Thank for the additional testing. Please let me know if you find
anything wrong.

-Longman

2014-02-18 19:29:51

by Waiman Long

[permalink] [raw]
Subject: Re: [PATCH v4 1/3] qspinlock: Introducing a 4-byte queue spinlock implementation

On 02/18/2014 02:30 AM, Peter Zijlstra wrote:
> On Mon, Feb 17, 2014 at 03:41:22PM -0500, Waiman Long wrote:
>> +/*
>> + * The queue node structure
>> + *
>> + * This structure is essentially the same as the mcs_spinlock structure
>> + * in mcs_spinlock.h file. This structure is retained for future extension
>> + * where new fields may be added.
>> + */
>> +struct qnode {
>> + u32 wait; /* Waiting flag */
>> + struct qnode *next; /* Next queue node addr */
>> +};
>> +
>> +struct qnode_set {
>> + int node_idx; /* Current node to use */
>> + struct qnode nodes[MAX_QNODES];
>> +};
>> +
>> +/*
>> + * Per-CPU queue node structures
>> + */
>> +static DEFINE_PER_CPU(struct qnode_set, qnset) ____cacheline_aligned
>> + = { 0 };
> You really didn't pay attention did you.
>
> That should be DEFINE_PER_CPU_ALIGNED()
>
> Furthermore, your structure is bigger than 1 cacheline; your struct
> qnode is 16 bytes, 4*16=64, and then you add that int.

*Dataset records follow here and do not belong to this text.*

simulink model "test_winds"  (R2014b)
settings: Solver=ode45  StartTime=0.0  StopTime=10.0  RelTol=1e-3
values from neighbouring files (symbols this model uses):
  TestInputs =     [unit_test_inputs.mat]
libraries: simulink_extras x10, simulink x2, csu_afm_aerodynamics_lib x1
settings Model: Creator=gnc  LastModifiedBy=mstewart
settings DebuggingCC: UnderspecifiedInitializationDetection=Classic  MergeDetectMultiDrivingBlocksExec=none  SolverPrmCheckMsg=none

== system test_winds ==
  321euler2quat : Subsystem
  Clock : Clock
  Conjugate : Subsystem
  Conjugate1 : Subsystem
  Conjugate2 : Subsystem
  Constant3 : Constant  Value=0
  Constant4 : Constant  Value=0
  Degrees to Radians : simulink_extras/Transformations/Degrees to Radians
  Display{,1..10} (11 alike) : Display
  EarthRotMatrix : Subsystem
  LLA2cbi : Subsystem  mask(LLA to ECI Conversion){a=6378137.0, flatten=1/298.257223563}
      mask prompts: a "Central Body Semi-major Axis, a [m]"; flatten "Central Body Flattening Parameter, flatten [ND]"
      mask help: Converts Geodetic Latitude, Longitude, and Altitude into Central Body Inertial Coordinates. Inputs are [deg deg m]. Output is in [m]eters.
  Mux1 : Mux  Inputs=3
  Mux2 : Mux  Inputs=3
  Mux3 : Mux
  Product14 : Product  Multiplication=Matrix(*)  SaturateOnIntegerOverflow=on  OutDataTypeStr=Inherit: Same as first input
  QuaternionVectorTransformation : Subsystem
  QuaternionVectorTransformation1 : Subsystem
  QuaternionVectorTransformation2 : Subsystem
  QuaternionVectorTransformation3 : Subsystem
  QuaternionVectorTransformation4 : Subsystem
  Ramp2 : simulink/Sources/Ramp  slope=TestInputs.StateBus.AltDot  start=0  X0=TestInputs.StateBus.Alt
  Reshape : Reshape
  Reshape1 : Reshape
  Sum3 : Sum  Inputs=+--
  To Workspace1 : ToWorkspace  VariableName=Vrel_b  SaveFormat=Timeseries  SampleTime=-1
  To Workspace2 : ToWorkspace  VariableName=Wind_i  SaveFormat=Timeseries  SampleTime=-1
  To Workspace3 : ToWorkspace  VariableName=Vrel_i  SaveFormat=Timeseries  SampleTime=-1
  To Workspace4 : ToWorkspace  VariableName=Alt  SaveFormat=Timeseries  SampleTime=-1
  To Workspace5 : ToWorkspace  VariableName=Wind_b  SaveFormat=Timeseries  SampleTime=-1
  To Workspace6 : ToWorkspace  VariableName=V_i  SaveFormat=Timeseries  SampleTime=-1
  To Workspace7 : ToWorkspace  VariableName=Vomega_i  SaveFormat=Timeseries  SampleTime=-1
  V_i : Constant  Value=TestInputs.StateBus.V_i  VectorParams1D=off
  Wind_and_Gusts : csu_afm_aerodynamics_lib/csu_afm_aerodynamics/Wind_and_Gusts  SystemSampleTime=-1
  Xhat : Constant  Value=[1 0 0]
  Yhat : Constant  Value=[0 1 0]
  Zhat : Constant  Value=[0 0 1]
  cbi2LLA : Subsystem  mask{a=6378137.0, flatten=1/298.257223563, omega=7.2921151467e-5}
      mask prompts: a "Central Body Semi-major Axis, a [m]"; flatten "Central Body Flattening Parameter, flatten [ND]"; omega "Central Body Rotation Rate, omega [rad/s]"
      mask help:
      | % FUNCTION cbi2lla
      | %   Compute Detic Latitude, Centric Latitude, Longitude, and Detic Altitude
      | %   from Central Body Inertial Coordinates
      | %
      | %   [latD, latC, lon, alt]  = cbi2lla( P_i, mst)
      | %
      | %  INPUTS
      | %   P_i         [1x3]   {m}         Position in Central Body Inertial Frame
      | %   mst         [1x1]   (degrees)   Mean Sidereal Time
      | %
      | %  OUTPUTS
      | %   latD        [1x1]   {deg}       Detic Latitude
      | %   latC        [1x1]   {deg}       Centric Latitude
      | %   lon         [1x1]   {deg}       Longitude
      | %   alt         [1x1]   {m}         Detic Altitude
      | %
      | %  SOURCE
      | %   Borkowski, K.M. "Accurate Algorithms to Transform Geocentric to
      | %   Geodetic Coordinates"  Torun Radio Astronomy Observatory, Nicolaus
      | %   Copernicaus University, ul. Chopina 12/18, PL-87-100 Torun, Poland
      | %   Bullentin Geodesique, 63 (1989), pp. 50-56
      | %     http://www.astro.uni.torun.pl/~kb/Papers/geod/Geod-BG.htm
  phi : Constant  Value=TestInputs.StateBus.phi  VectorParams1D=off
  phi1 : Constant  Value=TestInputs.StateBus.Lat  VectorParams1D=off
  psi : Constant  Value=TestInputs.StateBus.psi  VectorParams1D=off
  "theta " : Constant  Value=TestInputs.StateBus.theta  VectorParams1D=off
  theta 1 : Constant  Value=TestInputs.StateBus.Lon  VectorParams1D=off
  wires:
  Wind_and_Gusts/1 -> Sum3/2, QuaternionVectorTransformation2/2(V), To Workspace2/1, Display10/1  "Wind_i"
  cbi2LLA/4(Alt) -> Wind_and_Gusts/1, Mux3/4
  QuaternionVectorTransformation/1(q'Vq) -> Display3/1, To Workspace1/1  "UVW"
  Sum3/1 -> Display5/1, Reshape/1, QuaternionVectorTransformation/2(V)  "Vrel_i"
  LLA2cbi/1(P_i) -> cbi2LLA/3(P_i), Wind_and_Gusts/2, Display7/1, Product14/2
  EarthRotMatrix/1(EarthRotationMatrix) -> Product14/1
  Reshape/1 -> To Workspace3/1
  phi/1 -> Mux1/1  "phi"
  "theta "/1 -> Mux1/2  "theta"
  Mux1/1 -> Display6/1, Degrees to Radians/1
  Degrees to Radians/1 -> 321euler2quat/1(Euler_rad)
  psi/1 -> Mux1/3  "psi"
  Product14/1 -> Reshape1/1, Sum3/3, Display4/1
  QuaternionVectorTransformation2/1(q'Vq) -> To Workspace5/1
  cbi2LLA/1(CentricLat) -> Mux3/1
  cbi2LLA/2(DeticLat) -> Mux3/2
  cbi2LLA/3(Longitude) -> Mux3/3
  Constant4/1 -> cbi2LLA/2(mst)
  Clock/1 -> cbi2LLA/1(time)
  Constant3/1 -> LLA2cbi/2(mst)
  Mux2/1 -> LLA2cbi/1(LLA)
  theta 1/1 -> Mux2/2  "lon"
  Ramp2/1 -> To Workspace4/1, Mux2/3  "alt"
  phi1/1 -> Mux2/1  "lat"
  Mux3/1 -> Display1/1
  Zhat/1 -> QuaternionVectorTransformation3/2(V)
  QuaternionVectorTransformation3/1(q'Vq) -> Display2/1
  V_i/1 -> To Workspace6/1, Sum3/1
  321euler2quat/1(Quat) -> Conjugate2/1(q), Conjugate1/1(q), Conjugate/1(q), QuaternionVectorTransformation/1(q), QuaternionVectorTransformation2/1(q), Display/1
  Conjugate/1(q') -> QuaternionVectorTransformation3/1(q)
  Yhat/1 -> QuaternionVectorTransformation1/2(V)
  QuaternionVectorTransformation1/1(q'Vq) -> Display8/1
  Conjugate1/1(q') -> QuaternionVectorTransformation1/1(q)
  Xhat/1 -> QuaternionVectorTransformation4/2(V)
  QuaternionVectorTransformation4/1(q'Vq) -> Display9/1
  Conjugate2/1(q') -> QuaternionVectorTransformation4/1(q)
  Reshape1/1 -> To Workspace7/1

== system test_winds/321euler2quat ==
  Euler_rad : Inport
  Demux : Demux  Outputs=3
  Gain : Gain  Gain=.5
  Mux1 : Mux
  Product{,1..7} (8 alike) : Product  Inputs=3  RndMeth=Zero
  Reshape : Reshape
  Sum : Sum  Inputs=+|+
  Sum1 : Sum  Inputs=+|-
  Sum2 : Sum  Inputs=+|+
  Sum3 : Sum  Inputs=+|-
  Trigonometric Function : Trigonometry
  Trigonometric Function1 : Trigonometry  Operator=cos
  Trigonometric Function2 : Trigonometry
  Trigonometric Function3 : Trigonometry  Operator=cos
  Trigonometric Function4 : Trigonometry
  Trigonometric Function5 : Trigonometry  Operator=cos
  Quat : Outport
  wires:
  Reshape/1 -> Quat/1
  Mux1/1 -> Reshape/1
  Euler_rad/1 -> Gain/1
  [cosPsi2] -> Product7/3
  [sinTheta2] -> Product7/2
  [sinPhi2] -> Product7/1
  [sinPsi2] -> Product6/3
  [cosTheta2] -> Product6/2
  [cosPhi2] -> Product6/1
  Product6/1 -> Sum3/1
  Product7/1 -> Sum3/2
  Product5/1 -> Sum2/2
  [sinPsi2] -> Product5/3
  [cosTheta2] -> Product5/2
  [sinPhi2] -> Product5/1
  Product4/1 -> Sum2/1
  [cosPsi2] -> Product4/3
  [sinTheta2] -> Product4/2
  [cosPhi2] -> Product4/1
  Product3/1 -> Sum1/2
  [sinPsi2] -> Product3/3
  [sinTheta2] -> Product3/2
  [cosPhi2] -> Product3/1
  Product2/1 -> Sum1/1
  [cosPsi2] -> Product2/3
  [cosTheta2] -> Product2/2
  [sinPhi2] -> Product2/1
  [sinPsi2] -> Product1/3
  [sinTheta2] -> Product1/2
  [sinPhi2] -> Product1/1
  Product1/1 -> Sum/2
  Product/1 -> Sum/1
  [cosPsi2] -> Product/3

Thank for letting me know about that. This is a minor problem that I
will fix in the next version.

-Longman

2014-02-18 19:30:45

by Waiman Long

[permalink] [raw]
Subject: Re: [PATCH v4 0/3] qspinlock: Introducing a 4-byte queue spinlock

On 02/18/2014 02:31 AM, Peter Zijlstra wrote:
> On Mon, Feb 17, 2014 at 02:47:03PM -0800, H. Peter Anvin wrote:
>> On 02/17/2014 12:41 PM, Waiman Long wrote:
>>> v3->v4:
>>> - Remove debugging code and fix a configuration error
>>> - Simplify the qspinlock structure and streamline the code to make it
>>> perform a bit better
>>> - Add an x86 version of asm/qspinlock.h for holding x86 specific
>>> optimization.
>>> - Add an optimized x86 code path for 2 contending tasks to improve
>>> low contention performance.
>>>
>>> v2->v3:
>>> - Simplify the code by using numerous mode only without an unfair option.
>>> - Use the latest smp_load_acquire()/smp_store_release() barriers.
>>> - Move the queue spinlock code to kernel/locking.
>>> - Make the use of queue spinlock the default for x86-64 without user
>>> configuration.
>>> - Additional performance tuning.
>>>
>>> v1->v2:
>>> - Add some more comments to document what the code does.
>>> - Add a numerous CPU mode to support>= 16K CPUs
>>> - Add a configuration option to allow lock stealing which can further
>>> improve performance in many cases.
>>> - Enable wakeup of queue head CPU at unlock time for non-numerous
>>> CPU mode.
>>>
>>> This patch set introduces a queue-based spinlock implementation that
>>> can replace the default ticket spinlock without increasing the size
>>> of the spinlock data structure. As a result, critical kernel data
>>> structures that embed spinlock won't increase in size and breaking
>>> data alignments.
>>>
>> This is starting to look good, so I have pulled it into
>> tip:x86/spinlocks to start give it some testing mileage.
> It very much needs paravirt muck before we can even consider it.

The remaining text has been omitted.